In situations where the sample space is continuous we will follow the same procedure as in the previous section. Thus, for example, if [math]X[/math] is a continuous random variable with density function [math]f(x)[/math], and if [math]E[/math] is an event with positive probability, we define a conditional density function by the formula

[[math]] f(x|E) = \left \{ \matrix{ f(x)/P(E), & \mbox{if} \,\,x \in E, \cr 0, & \mbox{if}\,\,x \not \in E. \cr}\right. [[/math]]

Then for any event [math]F[/math], we have

[[math]] P(F|E) = \int_F f(x|E)\,dx\ . [[/math]]

The expression [math]P(F|E)[/math] is called the conditional probability of [math]F[/math] given [math]E[/math]. As in the previous section, it is easy to obtain an alternative expression for this probability:

[[math]] P(F|E) = \int_F f(x|E)\,dx = \int_{E\cap F} \frac {f(x)}{P(E)}\,dx = \frac {P(E\cap F)}{P(E)}\ . [[/math]]


We can think of the conditional density function as being 0 except on [math]E[/math], and normalized to have integral 1 over [math]E[/math]. Note that if the original density is a uniform density corresponding to an experiment in which all events of equal size are equally likely, then the same will be true for the conditional density.

Example In the spinner experiment (cf.

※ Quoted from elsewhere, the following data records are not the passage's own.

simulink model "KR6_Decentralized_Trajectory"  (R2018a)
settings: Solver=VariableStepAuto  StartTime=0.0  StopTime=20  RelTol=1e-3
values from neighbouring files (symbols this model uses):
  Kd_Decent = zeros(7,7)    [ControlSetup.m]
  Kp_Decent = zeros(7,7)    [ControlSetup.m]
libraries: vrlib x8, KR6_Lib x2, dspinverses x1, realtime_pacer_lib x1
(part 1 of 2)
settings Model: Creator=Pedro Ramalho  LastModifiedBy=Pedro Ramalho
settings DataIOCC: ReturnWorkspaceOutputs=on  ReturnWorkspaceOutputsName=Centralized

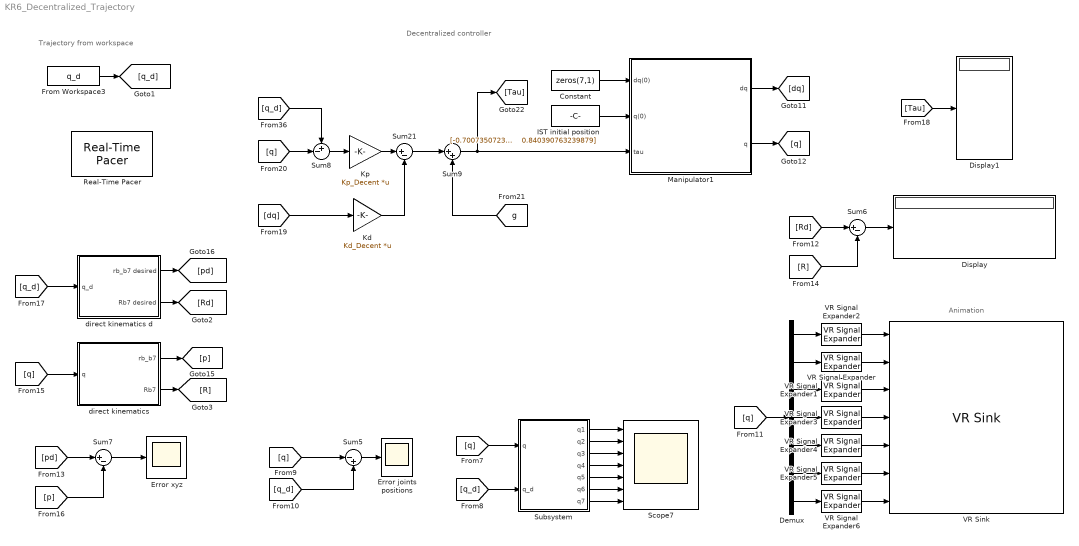
== system KR6_Decentralized_Trajectory ==
  note: Animation
  note: Trajectory from workspace
  note: Decentralized controller
  Constant : Constant  Value=zeros(7,1)
  Demux : Demux  Outputs=7
  Display : Display
  Display1 : Display
  Error joints positions : Scope
  Error xyz : Scope
  From Workspace3 : FromWorkspace  VariableName=q_d  SampleTime=0
  IST initial position : Constant  Value="[-0.700735072364346    0.260226322165590    -1.41409718169695    0.123044715609812    0.767247092108692    -0.379724450954367    0.840390763239879]"
  Kd : Gain  Gain=Kd_Decent  Multiplication=Matrix(K*u)
  Kp : Gain  Gain=Kp_Decent  Multiplication=Matrix(K*u)
  Manipulator1 : Subsystem
  Real-Time Pacer : realtime_pacer_lib/Real-Time Pacer  simTimePerRealTime=1
  Scope7 : Scope  NumInputPorts=7
  Subsystem : Subsystem
  Sum21 : Sum  Inputs=|+-
  Sum5 : Sum  Inputs=|-+
  Sum6 : Sum  Inputs=|+-
  Sum7 : Sum  Inputs=|+-
  Sum8 : Sum  Inputs=+-|
  Sum9 : Sum  Inputs=|++
  VR Signal Expander{,1,3..6} (6 alike) : vrlib/VR Signal Expander  outwidth=4  outidx=4
      settings: SourceProductName=Simulink 3D Animation  SourceProductBaseCode=VR
  VR Signal Expander2 : vrlib/VR Signal Expander  outwidth=3  outidx=3
      settings: SourceProductName=Simulink 3D Animation  SourceProductBaseCode=VR
  VR Sink : vrlib/VR Sink  InstantiateOnLoad=on  SampleTime=0.1  ViewEnable=on  RemoteChange=off  RemoteView=off  FieldsWritten=Jt1_DH_dv.translation.3.1.1.double#Jt2_DH_dv.rotation.4.1.1.double#Jt3_DH_dv.rotation.4.1.1.double#Jt4_DH_dv.rotation.4.1.1.double#Jt5_DH_dv.rotation.4.1.1.double#Jt6_DH_dv.rotation.4.1.1.double#Jt7_DH_dv.rotation.4.1.1.double  WorldFileName=vrrobotKR6.wrl  WorldDescription=D-H Reference Frames for Virtual Reality Robot  AutoView=off  VideoDimensions=[]  AllowVariableSize=off
      settings: SourceProductBaseCode=VR
  direct kinematics : Subsystem
  "direct kinematics d " : Subsystem
  wires:
  [q] -> Sum5/1
  [q_d] -> Sum5/2
  Sum5/1 -> Error joints positions/1
  [q] -> Subsystem/1(q)
  [q_d] -> Subsystem/2(q_d)
  Subsystem/1(q1) -> Scope7/1
  Subsystem/2(q2) -> Scope7/2
  Subsystem/3(q3) -> Scope7/3
  Subsystem/4(q4) -> Scope7/4
  Subsystem/5(q5) -> Scope7/5
  Subsystem/6(q6) -> Scope7/6
  Subsystem/7(q7) -> Scope7/7
  Sum7/1 -> Error xyz/1
  [pd] -> Sum7/1
  [p] -> Sum7/2
  [q_d] -> "direct kinematics d "/1(q_d)
  Demux/1 -> VR Signal Expander2/1
  Demux/2 -> VR Signal Expander/1
  VR Signal Expander2/1 -> VR Sink/1
  VR Signal Expander4/1 -> VR Sink/5
  VR Signal Expander/1 -> VR Sink/2
  "direct kinematics d "/1(rb_b7 desired) -> [pd]
  direct kinematics/1("rb_b7 ") -> [p]
  Demux/5 -> VR Signal Expander4/1
  [q] -> direct kinematics/1(q)
  VR Signal Expander5/1 -> VR Sink/6
  Demux/7 -> VR Signal Expander6/1
  VR Signal Expander6/1 -> VR Sink/7
  VR Signal Expander3/1 -> VR Sink/4
  Demux/6 -> VR Signal Expander5/1
  Demux/4 -> VR Signal Expander3/1
  VR Signal Expander1/1 -> VR Sink/3
  Demux/3 -> VR Signal Expander1/1
  From Workspace3/1 -> [q_d]
  [q] -> Demux/1
  "direct kinematics d "/2(Rb7 desired) -> [Rd]
  direct kinematics/2(Rb7) -> [R]
  [R] -> Sum6/2
  Sum6/1 -> Display/1
  [Rd] -> Sum6/1
  [Tau] -> Display1/1
  [q_d] -> Sum8/1
  Sum21/1 -> Sum9/1
  Kp/1 -> Sum21/1
  Sum9/1 -> [Tau], Manipulator1/3(tau)
  Sum8/1 -> Kp/1
  [q] -> Sum8/2
  [dq] -> Kd/1
  [g] -> Sum9/2
  Manipulator1/1(dq) -> [dq]
  Constant/1 -> Manipulator1/1("dq(0) ")
  IST initial position/1 -> Manipulator1/2("q(0) ")
  Kd/1 -> Sum21/2
  Manipulator1/2(q) -> [q]

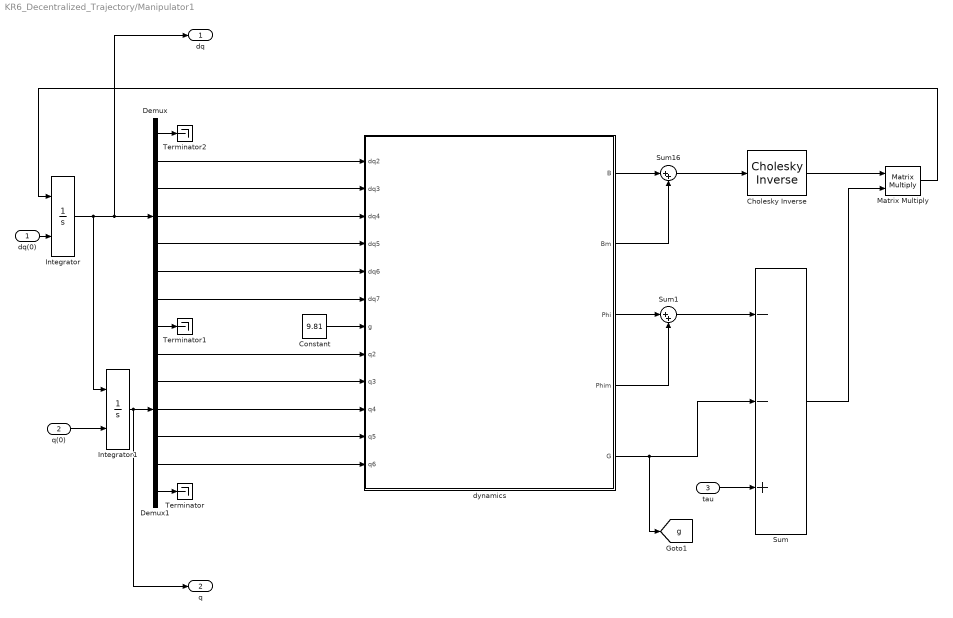
== system KR6_Decentralized_Trajectory/Manipulator1 ==
  "dq(0) " : Inport
  "q(0) " : Inport  Port=2
  tau : Inport  Port=3
  Cholesky Inverse : dspinverses/Cholesky Inverse  errmode=Warning
      settings: SourceProductName=DSP System Toolbox  SourceProductBaseCode=DS
  Constant : Constant  Value=9.81
  Demux : Demux  Outputs=7
  Demux1 : Demux  Outputs=7
  Integrator : Integrator  InitialConditionSource=external
  Integrator1 : Integrator  InitialConditionSource=external
  Matrix Multiply : Product  Multiplication=Matrix(*)
  Sum : Sum  Inputs=--+
  Sum1 : Sum  Inputs=|++
  Sum16 : Sum  Inputs=|++
  Terminator : Terminator
  Terminator1 : Terminator
  Terminator2 : Terminator
  dynamics : MATLAB Function  TreatAsAtomicUnit=on
  dq : Outport
  q : Outport  Port=2
  tag scope: g=global
  wires:
  Sum1/1 -> Sum/1
  Cholesky Inverse/1 -> Matrix Multiply/1
  dynamics/4(Phim) -> Sum1/2
  dynamics/5(G) -> [g], Sum/2
  Integrator/1 -> dq/1, Demux/1, Integrator1/1
  dynamics/1(B) -> Sum16/1
  "dq(0) "/1 -> Integrator/2
  dynamics/2(Bm) -> Sum16/2
  Sum/1 -> Matrix Multiply/2
  Demux1/5 -> dynamics/11(q5)
  Sum16/1 -> Cholesky Inverse/1
  "q(0) "/1 -> Integrator1/2
  dynamics/3(Phi) -> Sum1/1
  Demux1/1 -> Terminator1/1
  Integrator1/1 -> q/1, Demux1/1
  Demux/6 -> dynamics/5(dq6)
  Demux1/4 -> dynamics/10(q4)
  Constant/1 -> dynamics/7(g)
  Demux/2 -> dynamics/1(dq2)
  Demux/3 -> dynamics/2(dq3)
  Demux/4 -> dynamics/3(dq4)
  Demux/5 -> dynamics/4(dq5)
  Demux/7 -> dynamics/6(dq7)
  Matrix Multiply/1 -> Integrator/1
  tau/1 -> Sum/3
  Demux1/6 -> dynamics/12(q6)
  Demux1/2 -> dynamics/8(q2)
  Demux/1 -> Terminator2/1
  Demux1/3 -> dynamics/9(q3)
  Demux1/7 -> Terminator/1

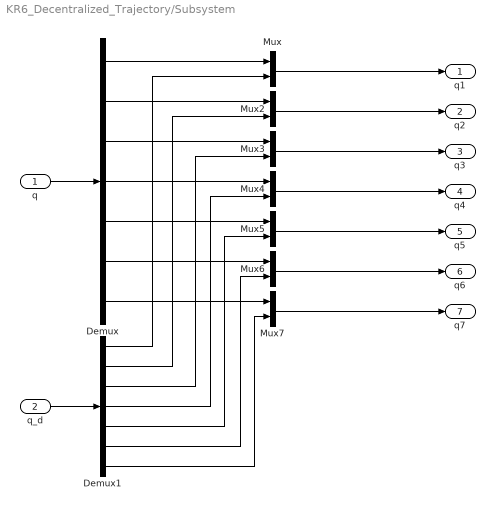
== system KR6_Decentralized_Trajectory/Subsystem ==
  q : Inport
  q_d : Inport  Port=2
  Demux : Demux  Outputs=7
  Demux1 : Demux  Outputs=7
  Mux{,2..7} (7 alike) : Mux  Inputs=2
  q1 : Outport
  q2 : Outport  Port=2
  q3 : Outport  Port=3
  q4 : Outport  Port=4
  q5 : Outport  Port=5
  q6 : Outport  Port=6
  q7 : Outport  Port=7
  wires:
  Demux/3 -> Mux3/1
  Demux/7 -> Mux7/1
  Demux1/6 -> Mux6/2
  Demux1/1 -> Mux/2
  Demux/4 -> Mux4/1
  Demux1/4 -> Mux4/2
  Demux/1 -> Mux/1
  Demux1/5 -> Mux5/2
  Mux4/1 -> q4/1
  Demux1/3 -> Mux3/2
  Demux/2 -> Mux2/1
  Demux1/7 -> Mux7/2
  Demux1/2 -> Mux2/2
  Demux/5 -> Mux5/1
  Demux/6 -> Mux6/1
  Mux6/1 -> q6/1
  q/1 -> Demux/1
  Mux/1 -> q1/1
  Mux3/1 -> q3/1
  Mux2/1 -> q2/1
  Mux5/1 -> q5/1
  Mux7/1 -> q7/1
  q_d/1 -> Demux1/1

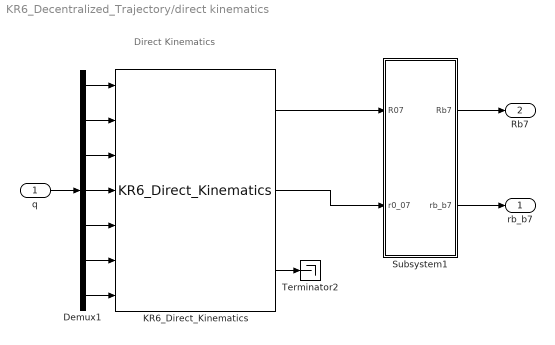
== system KR6_Decentralized_Trajectory/direct kinematics ==
  note: Direct Kinematics
  q : Inport
  Demux1 : Demux  Outputs=7
  KR6_Direct_Kinematics : KR6_Lib/KR6_Direct_Kinematics
  Subsystem1 : Subsystem
  Terminator2 : Terminator
  "rb_b7 " : Outport
  Rb7 : Outport  Port=2
  wires:
  KR6_Direct_Kinematics/3 -> Terminator2/1
  Demux1/1 -> KR6_Direct_Kinematics/1
  Demux1/6 -> KR6_Direct_Kinematics/6
  Demux1/5 -> KR6_Direct_Kinematics/5
  Demux1/3 -> KR6_Direct_Kinematics/3
  KR6_Direct_Kinematics/1 -> Subsystem1/1(R07)
  Subsystem1/1(Rb7) -> Rb7/1
  KR6_Direct_Kinematics/2 -> Subsystem1/2(r0_07)
  Demux1/7 -> KR6_Direct_Kinematics/7
  Demux1/2 -> KR6_Direct_Kinematics/2
  Demux1/4 -> KR6_Direct_Kinematics/4
  q/1 -> Demux1/1
  Subsystem1/2(rb_b7) -> "rb_b7 "/1

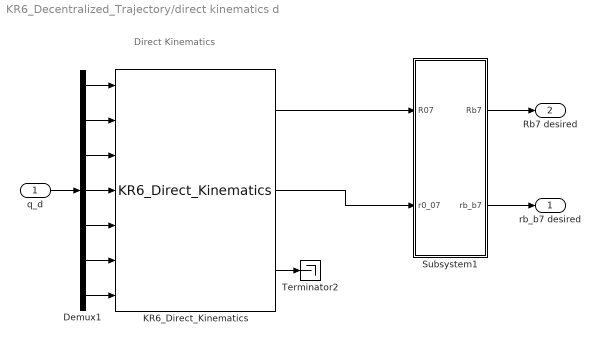
== system KR6_Decentralized_Trajectory/direct kinematics d  ==
  note: Direct Kinematics
  q_d : Inport
  Demux1 : Demux  Outputs=7
  KR6_Direct_Kinematics : KR6_Lib/KR6_Direct_Kinematics
  Subsystem1 : Subsystem
  Terminator2 : Terminator
  rb_b7 desired : Outport
  Rb7 desired : Outport  Port=2
  wires:
  KR6_Direct_Kinematics/1 -> Subsystem1/1(R07)
  KR6_Direct_Kinematics/3 -> Terminator2/1
  Demux1/1 -> KR6_Direct_Kinematics/1
  Demux1/6 -> KR6_Direct_Kinematics/6
  Demux1/5 -> KR6_Direct_Kinematics/5
  Demux1/3 -> KR6_Direct_Kinematics/3
  Subsystem1/1(Rb7) -> Rb7 desired/1
  KR6_Direct_Kinematics/2 -> Subsystem1/2(r0_07)
  Demux1/7 -> KR6_Direct_Kinematics/7
  Demux1/2 -> KR6_Direct_Kinematics/2
  Demux1/4 -> KR6_Direct_Kinematics/4
  q_d/1 -> Demux1/1
  Subsystem1/2(rb_b7) -> rb_b7 desired/1

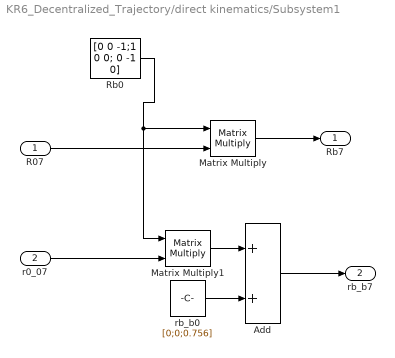
== system KR6_Decentralized_Trajectory/direct kinematics/Subsystem1 ==
  R07 : Inport
  r0_07 : Inport  Port=2
  Add : Sum
  Matrix Multiply : Product  Multiplication=Matrix(*)
  Matrix Multiply1 : Product  Multiplication=Matrix(*)
  Rb0 : Constant  Value=[0 0 -1;1 0 0; 0 -1 0]
  rb_b0 : Constant  Value=[0;0;0.756]
  Rb7 : Outport
  rb_b7 : Outport  Port=2
  wires:
  R07/1 -> Matrix Multiply/2
  r0_07/1 -> Matrix Multiply1/2
  Matrix Multiply/1 -> Rb7/1
  Rb0/1 -> Matrix Multiply1/1, Matrix Multiply/1
  Matrix Multiply1/1 -> Add/1
  rb_b0/1 -> Add/2
  Add/1 -> rb_b7/1

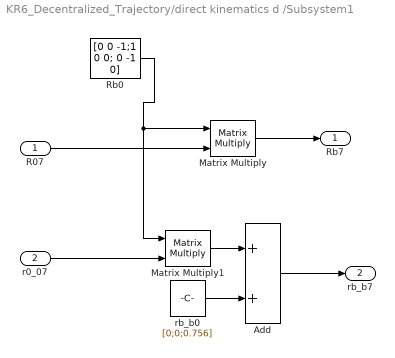
== system KR6_Decentralized_Trajectory/direct kinematics d /Subsystem1 ==
  R07 : Inport
  r0_07 : Inport  Port=2
  Add : Sum
  Matrix Multiply : Product  Multiplication=Matrix(*)
  Matrix Multiply1 : Product  Multiplication=Matrix(*)
  Rb0 : Constant  Value=[0 0 -1;1 0 0; 0 -1 0]
  rb_b0 : Constant  Value=[0;0;0.756]
  Rb7 : Outport
  rb_b7 : Outport  Port=2
  wires:
  R07/1 -> Matrix Multiply/2
  r0_07/1 -> Matrix Multiply1/2
  Matrix Multiply/1 -> Rb7/1
  Rb0/1 -> Matrix Multiply1/1, Matrix Multiply/1
  Matrix Multiply1/1 -> Add/1
  rb_b0/1 -> Add/2
  Add/1 -> rb_b7/1

Example), suppose we know that the spinner has stopped with head in the upper half of the circle, [math]0 \leq x \leq 1/2[/math]. What is the probability that [math]1/6 \leq x \leq 1/3[/math]? Here [math]E = [0,1/2][/math], [math]F = [1/6,1/3][/math], and [math]F \cap E = F[/math]. Hence

[[math]] \begin{eqnarray*} P(F|E) &=& \frac {P(F \cap E)}{P(E)} \\ &=& \frac {1/6}{1/2} \\ &=& \frac 13\ , \end{eqnarray*} [[/math]]

which is reasonable, since [math]F[/math] is 1/3 the size of [math]E[/math]. The conditional density function here is given by

[[math]] f(x|E) = \left \{ \matrix{ 2, & \mbox{if}\,\,\, 0 \leq x \lt 1/2, \cr 0, & \mbox{if}\,\,\, 1/2 \leq x \lt 1.\cr}\right. [[/math]]

Thus the conditional density function is nonzero only on [math][0,1/2][/math], and is uniform there.

Example In the dart game (cf. Example), suppose we know that the dart lands in the upper half of the target. What is the probability that its distance from the center is less than 1/2? Here [math]E = \{\,(x,y) : y \geq 0\,\}[/math], and [math]F = \{\,(x,y) : x^2 + y^2 \lt (1/2)^2\,\}[/math]. Hence,

[[math]] \begin{eqnarray*} P(F|E) & = & \frac {P(F \cap E)}{P(E)} = \frac {(1/\pi)[(1/2)(\pi/4)]} {(1/\pi)(\pi/2)} \\ & = & 1/4\ . \end{eqnarray*} [[/math]]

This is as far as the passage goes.